▶ **WHAT THE EXERCISE ASKS**
Only the lines below between the one holding "Gain/1 -> Multiply/1" and the one holding "Assertion : Assertion", inclusive, are to be reproduced word for word; the pictures are to be left out.

▶ **Excerpts from a dataset**

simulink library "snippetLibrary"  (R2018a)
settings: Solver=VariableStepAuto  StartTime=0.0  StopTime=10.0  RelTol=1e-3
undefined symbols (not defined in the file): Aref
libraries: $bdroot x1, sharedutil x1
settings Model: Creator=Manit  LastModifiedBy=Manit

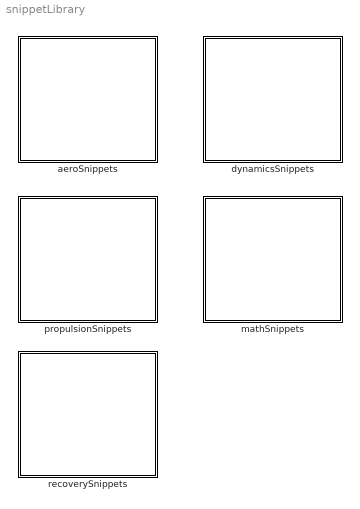
== system snippetLibrary ==
  aeroSnippets : Subsystem
  dynamicsSnippets : Subsystem
  mathSnippets : Subsystem
  propulsionSnippets : Subsystem
  recoverySnippets : Subsystem

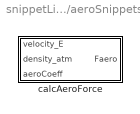
== system snippetLibrary/aeroSnippets ==
  calcAeroForce : Subsystem  mask{Aref=Aref}

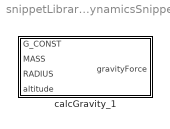
== system snippetLibrary/dynamicsSnippets ==
  calcGravity_1 : Subsystem

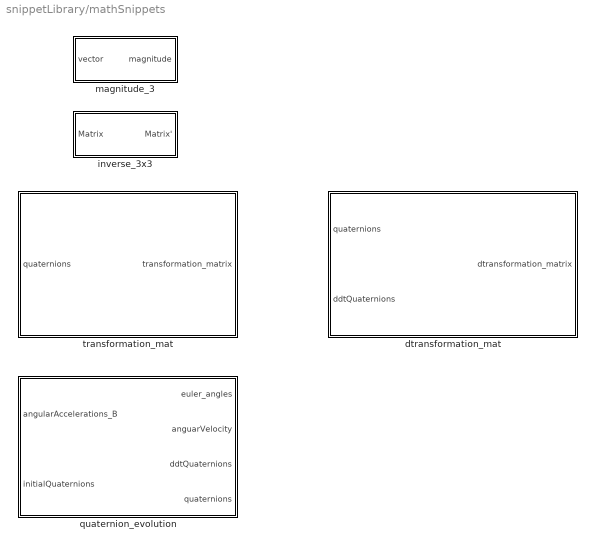
== system snippetLibrary/mathSnippets ==
  dtransformation_mat : MATLAB Function  TreatAsAtomicUnit=on
  inverse_3x3 : Subsystem
  magnitude_3 : Subsystem
  quaternion_evolution : Subsystem
  transformation_mat : MATLAB Function  TreatAsAtomicUnit=on

== system snippetLibrary/propulsionSnippets ==

== system snippetLibrary/recoverySnippets ==

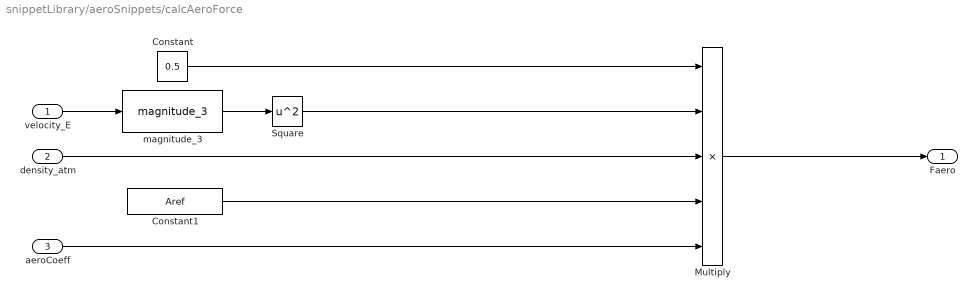
== system snippetLibrary/aeroSnippets/calcAeroForce ==
  velocity_E : Inport
  density_atm : Inport  Port=2
  aeroCoeff : Inport  Port=3
  Constant : Constant  Value=0.5
  Constant1 : Constant  Value=Aref
  Multiply : Product  Inputs=5
  Square : Math  Operator=square  SaturateOnIntegerOverflow=on
  magnitude_3 : $bdroot/mathSnippets/magnitude_3
  Faero : Outport
  wires:
  velocity_E/1 -> magnitude_3/1
  magnitude_3/1 -> Square/1
  Multiply/1 -> Faero/1
  Square/1 -> Multiply/2
  density_atm/1 -> Multiply/3
  Constant/1 -> Multiply/1
  aeroCoeff/1 -> Multiply/5
  Constant1/1 -> Multiply/4

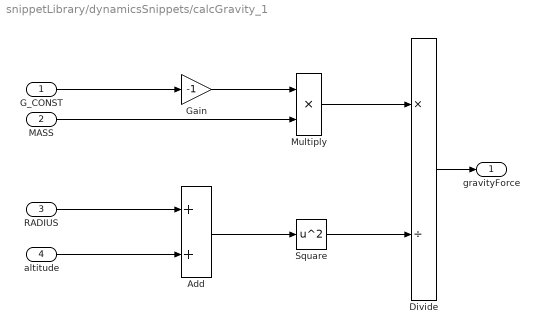
== system snippetLibrary/dynamicsSnippets/calcGravity_1 ==
  G_CONST : Inport
  MASS : Inport  Port=2
  RADIUS : Inport  Port=3
  altitude : Inport  Port=4
  Add : Sum
  Divide : Product  Inputs=*/
  Gain : Gain  Gain=-1
  Multiply : Product
  Square : Math  Operator=square  SaturateOnIntegerOverflow=on
  gravityForce : Outport
  wires:
  Divide/1 -> gravityForce/1
  G_CONST/1 -> Gain/1
  Multiply/1 -> Divide/1
  MASS/1 -> Multiply/2
  Gain/1 -> Multiply/1
  Square/1 -> Divide/2
  Add/1 -> Square/1
  altitude/1 -> Add/2
  RADIUS/1 -> Add/1

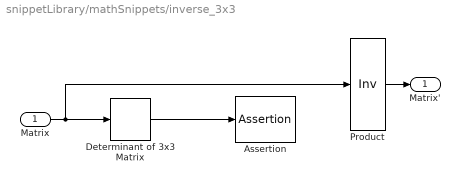
== system snippetLibrary/mathSnippets/inverse_3x3 ==
  Matrix : Inport  PortDimensions=[3 3]
  Assertion : Assertion  AssertionFailFcn="disp('Matrix is singular.  No matrix inverse.')"
  Determinant of 3x3 Matrix : sharedutil/Determinant of 3x3 Matrix  aMode=aMode
      settings: SourceProductName=Aerospace Blockset  SourceProductBaseCode=AE
  Product : Product  Inputs=/  Multiplication=Matrix(*)  SaturateOnIntegerOverflow=on  OutDataTypeStr=Inherit: Same as first input
  Matrix' : Outport  PortDimensions=[3 3]
  wires:
  Matrix/1 -> Product/1, Determinant of 3x3 Matrix/1
  Determinant of 3x3 Matrix/1 -> Assertion/1
  Product/1 -> Matrix'/1

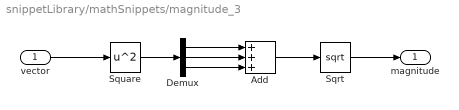
== system snippetLibrary/mathSnippets/magnitude_3 ==
  vector : Inport
  Add : Sum  Inputs=3
  Demux : Demux  Outputs=3
  Sqrt : Sqrt  SaturateOnIntegerOverflow=on
  Square : Math  Operator=square  SaturateOnIntegerOverflow=on
  magnitude : Outport
  wires:
  vector/1 -> Square/1
  Square/1 -> Demux/1
  Demux/1 -> Add/1
  Demux/2 -> Add/2
  Demux/3 -> Add/3
  Add/1 -> Sqrt/1
  Sqrt/1 -> magnitude/1

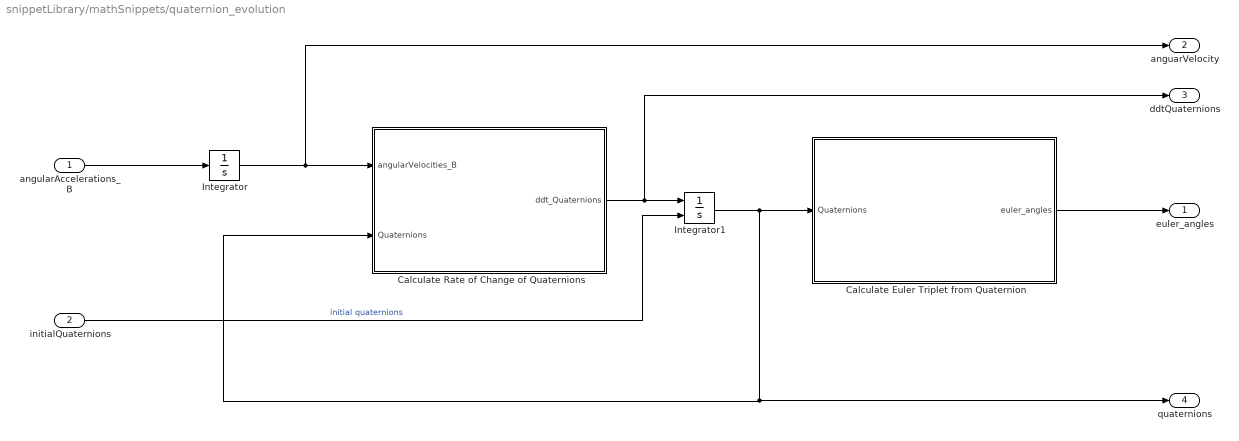
== system snippetLibrary/mathSnippets/quaternion_evolution ==
  angularAccelerations_B : Inport
  initialQuaternions : Inport  Port=2
  Calculate Euler Triplet from Quaternion : MATLAB Function  TreatAsAtomicUnit=on
  Calculate Rate of Change of Quaternions : MATLAB Function  TreatAsAtomicUnit=on
  Integrator : Integrator  InitialCondition=[0;0;0]
  Integrator1 : Integrator  InitialConditionSource=external  InitialCondition=[1;1;1;1]
  euler_angles : Outport
  anguarVelocity : Outport  Port=2
  ddtQuaternions : Outport  Port=3
  quaternions : Outport  Port=4
  wires:
  Integrator/1 -> anguarVelocity/1, Calculate Rate of Change of Quaternions/1(angularVelocities_B)
  angularAccelerations_B/1 -> Integrator/1
  Integrator1/1 -> quaternions/1, Calculate Rate of Change of Quaternions/2(Quaternions), Calculate Euler Triplet from Quaternion/1(Quaternions)
  initialQuaternions/1 -> Integrator1/2  "initial quaternions"
  Calculate Rate of Change of Quaternions/1(ddt_Quaternions) -> Integrator1/1, ddtQuaternions/1
  Calculate Euler Triplet from Quaternion/1(euler_angles) -> euler_angles/1

== matlab function snippetLibrary/mathSnippets/dtransformation_mat ==
  data: quaternions input; dtransformation_matrix output; ddtQuaternions input
function dtransformation_matrix = create_dtransformation_mat(quaternions, ddtQuaternions)

%q0 <=> quaternions(1);
%q1 <=> quaternions(2);
%q2 <=> quaternions(3);
%q3 <=> quaternions(4);

%dq0 <=> ddtQuaternions(1);
%dq1 <=> ddtQuaternions(2);
%dq2 <=> ddtQuaternions(3);
%dq3 <=> ddtQuaternions(4);

q0dq0_2 = 2*quaternions(1)*ddtQuaternions(1);
q1dq1_2 = 2*quaternions(2)*ddtQuaternions(2);
q2dq2_2 = 2*quaternions(3)*ddtQuaternions(3);
q3dq3_2 = 2*quaternions(4)*ddtQuaternions(4);

dq0q1 = ddtQuaternions(1)*quaternions(2);
q0dq1 = quaternions(1)*ddtQuaternions(2);

dq0q2 = ddtQuaternions(1)*quaternions(3);
q0dq2 = quaternions(1)*ddtQuaternions(3);

dq0q3 = ddtQuaternions(1)*quaternions(4);
q0dq3 = quaternions(1)*ddtQuaternions(4);

dq1q2 = ddtQuaternions(2)*quaternions(3);
q1dq2 = quaternions(2)*ddtQuaternions(3);

dq1q3 = ddtQuaternions(2)*quaternions(4);
q1dq3 = quaternions(2)*ddtQuaternions(4);

dq2q3 = ddtQuaternions(3)*quaternions(4);
q2dq3 = quaternions(3)*ddtQuaternions(4);

dtransformation_matrix = [(q0dq0_2 + q1dq1_2 - q2dq2_2 - q3dq3_2)  2*(dq1q2 + q1dq2 - (dq0q3 + q0dq3))      2*(dq0q2 + q0dq2 + dq1q3+q1dq3);
                          2*(dq1q2 + q1dq2 + dq0q3 + q0dq3)        (q0dq0_2 - q1dq1_2 + q2dq2_2 - q3dq3_2)  2*(dq2q3 + q2dq3 - (dq0q1 + q0dq1));
                          2*(dq1q3 + q1dq3 - (dq0q2 + q0dq2))      2*(dq0q1 + q0dq1 + dq2q3 + q2dq3)        (q0dq0_2 - q1dq1_2 - q2dq2_2 + q3dq3_2)];

== matlab function snippetLibrary/mathSnippets/quaternion_evolution/Calculate Rate of Change of Quaternions ==
  data: angularVelocities_B input; ddt_Quaternions output; Quaternions input
function ddt_Quaternions = ddtQuaternions(angularVelocities_B, Quaternions)


p = angularVelocities_B(1);
q = angularVelocities_B(2);
r = angularVelocities_B(3);

qT = [0 -p -q -r; p 0 r -q; q -r 0 p; r q -p 0];

ddt_Quaternions = 0.5*qT*Quaternions;

== matlab function snippetLibrary/mathSnippets/quaternion_evolution/Calculate Euler Triplet from Quaternion ==
  data: Quaternions input; euler_angles output
function euler_angles = qToEuler(Quaternions)

q0 = Quaternions(1);
q1 = Quaternions(2);
q2 = Quaternions(3);
q3 = Quaternions(4);

Phi = atan2(2.*(q0.*q1 + q2.*q3), 1 - 2.*(q1^2 + q2^2));
Theta = asin(2.*(q0.*q2 - q3.*q1));
Psi = atan2(2.*(q0.*q3 +q1.*q2), 1 - 2.*(q2^2 + q3^2));

euler_angles = [Phi; Theta; Psi];

== matlab function snippetLibrary/mathSnippets/transformation_mat ==
  data: quaternions input; transformation_matrix output
function transformation_matrix = create_transformation_mat(quaternions)

%q0 <=> quaternions(1);
%q1 <=> quaternions(2);
%q2 <=> quaternions(3);
%q3 <=> quaternions(4);

q0_sq = quaternions(1)^2;
q1_sq = quaternions(2)^2;
q2_sq = quaternions(3)^2;
q3_sq = quaternions(4)^2;

q0q1 = quaternions(1)*quaternions(2);
q0q2 = quaternions(1)*quaternions(3);
q0q3 = quaternions(1)*quaternions(4);
q1q2 = quaternions(2)*quaternions(3);
q1q3 = quaternions(2)*quaternions(4);
q2q3 = quaternions(3)*quaternions(4);

transformation_matrix = [ (q0_sq + q1_sq - q2_sq - q3_sq)  2*(q1q2-q0q3)                    2*(q0q2+q1q3);
                          2*(q1q2+q0q3)                    (q0_sq - q1_sq + q2_sq - q3_sq)  2*(q2q3-q0q1);
                          2*(q1q3-q0q2)                    2*(q0q1+q2q3)                    (q0_sq - q1_sq - q2_sq + q3_sq)];

▶ **RESPONSE TO THE TASK**
  Gain/1 -> Multiply/1
  Square/1 -> Divide/2
  Add/1 -> Square/1
  altitude/1 -> Add/2
  RADIUS/1 -> Add/1

== system snippetLibrary/mathSnippets/inverse_3x3 ==
  Matrix : Inport  PortDimensions=[3 3]
  Assertion : Assertion  AssertionFailFcn="disp('Matrix is singular.  No matrix inverse.')"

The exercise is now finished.